**TRY IT:** Only one stretch of the data is wanted: the line containing "#4126 = VECTOR ( 'NONE', #3514, 39.37008 ) ;", the line containing "#5842 = VERTEX_POINT ( 'NONE', #15934 ) ;", and every line between them, copied exactly.

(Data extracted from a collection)
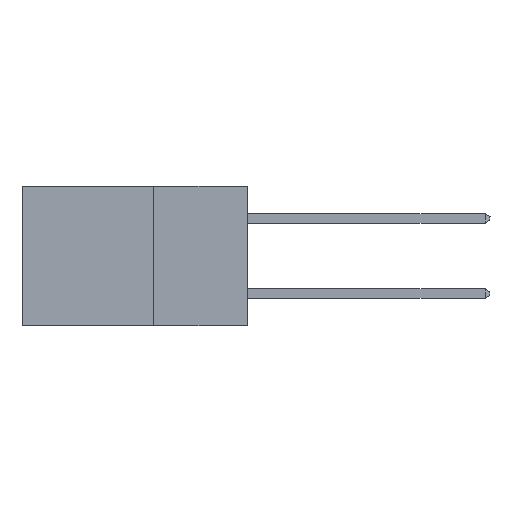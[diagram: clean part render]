
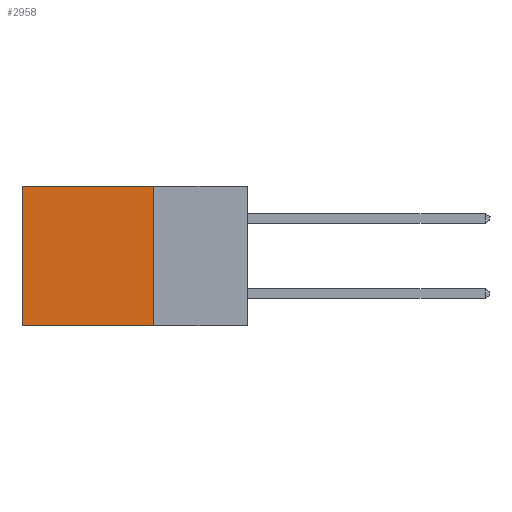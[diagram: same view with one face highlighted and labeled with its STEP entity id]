
A CAD part, left-side view. The second image highlights one B-rep face of the part: STEP entity #2958.
In plain terms, the highlighted planar face has unit normal (-1, 0, 0).
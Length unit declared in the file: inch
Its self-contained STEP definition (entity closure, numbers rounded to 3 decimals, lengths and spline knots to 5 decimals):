
#1137 = PLANE ( 'NONE',  #4511 ) ;
#2350 = LINE ( 'NONE', #13560, #4126 ) ;
#2958 = ADVANCED_FACE ( 'NONE', ( #15070 ), #1137, .F. ) ;
#2998 = VECTOR ( 'NONE', #3130, 39.37008 ) ;
#3061 = ORIENTED_EDGE ( 'NONE', *, *, #4566, .T. ) ;
#3130 = DIRECTION ( 'NONE',  ( 0., 1., 0. ) ) ;
#3514 = DIRECTION ( 'NONE',  ( 0., 0., -1. ) ) ;
#3766 = DIRECTION ( 'NONE',  ( 0., 0., -1. ) ) ;
#3831 = LINE ( 'NONE', #10195, #4523 ) ;
#4126 = VECTOR ( 'NONE', #3514, 39.37008 ) ;
#4240 = ORIENTED_EDGE ( 'NONE', *, *, #15662, .F. ) ;
#4287 = LINE ( 'NONE', #9226, #2998 ) ;
#4511 = AXIS2_PLACEMENT_3D ( 'NONE', #11525, #12684, #3766 ) ;
#4523 = VECTOR ( 'NONE', #11355, 39.37008 ) ;
#4566 = EDGE_CURVE ( 'NONE', #6906, #15579, #2350, .T. ) ;
#5842 = VERTEX_POINT ( 'NONE', #15934 ) ;
#6906 = VERTEX_POINT ( 'NONE', #12647 ) ;
#7361 = VECTOR ( 'NONE', #14421, 39.37008 ) ;
#8210 = EDGE_LOOP ( 'NONE', ( #3061, #4240, #9914, #8369 ) ) ;
#8369 = ORIENTED_EDGE ( 'NONE', *, *, #10685, .T. ) ;
#8733 = CARTESIAN_POINT ( 'NONE',  ( 0.2615, 0.6, -0.37 ) ) ;
#9226 = CARTESIAN_POINT ( 'NONE',  ( 0.2615, 0.25, -0.37 ) ) ;
#9262 = VERTEX_POINT ( 'NONE', #15741 ) ;
#9612 = LINE ( 'NONE', #14578, #7361 ) ;
#9914 = ORIENTED_EDGE ( 'NONE', *, *, #12247, .F. ) ;
#10195 = CARTESIAN_POINT ( 'NONE',  ( 0.2615, 0.25, -0.37 ) ) ;
#10685 = EDGE_CURVE ( 'NONE', #5842, #6906, #9612, .T. ) ;
#11355 = DIRECTION ( 'NONE',  ( 0., 0., -1. ) ) ;
#11525 = CARTESIAN_POINT ( 'NONE',  ( 0.2615, 0.25, -0.37 ) ) ;
#12247 = EDGE_CURVE ( 'NONE', #5842, #9262, #3831, .T. ) ;
#12647 = CARTESIAN_POINT ( 'NONE',  ( 0.2615, 0.6, 0. ) ) ;
#12684 = DIRECTION ( 'NONE',  ( 1., 0., 0. ) ) ;
#13560 = CARTESIAN_POINT ( 'NONE',  ( 0.2615, 0.6, -0.37 ) ) ;
#14421 = DIRECTION ( 'NONE',  ( 0., 1., 0. ) ) ;
#14578 = CARTESIAN_POINT ( 'NONE',  ( 0.2615, 0.25, 0. ) ) ;
#15070 = FACE_OUTER_BOUND ( 'NONE', #8210, .T. ) ;
#15579 = VERTEX_POINT ( 'NONE', #8733 ) ;
#15662 = EDGE_CURVE ( 'NONE', #9262, #15579, #4287, .T. ) ;
#15741 = CARTESIAN_POINT ( 'NONE',  ( 0.2615, 0.25, -0.37 ) ) ;
#15934 = CARTESIAN_POINT ( 'NONE',  ( 0.2615, 0.25, 0. ) ) ;

**EXERCISE RESULT:**
#4126 = VECTOR ( 'NONE', #3514, 39.37008 ) ;
#4240 = ORIENTED_EDGE ( 'NONE', *, *, #15662, .F. ) ;
#4287 = LINE ( 'NONE', #9226, #2998 ) ;
#4511 = AXIS2_PLACEMENT_3D ( 'NONE', #11525, #12684, #3766 ) ;
#4523 = VECTOR ( 'NONE', #11355, 39.37008 ) ;
#4566 = EDGE_CURVE ( 'NONE', #6906, #15579, #2350, .T. ) ;
#5842 = VERTEX_POINT ( 'NONE', #15934 ) ;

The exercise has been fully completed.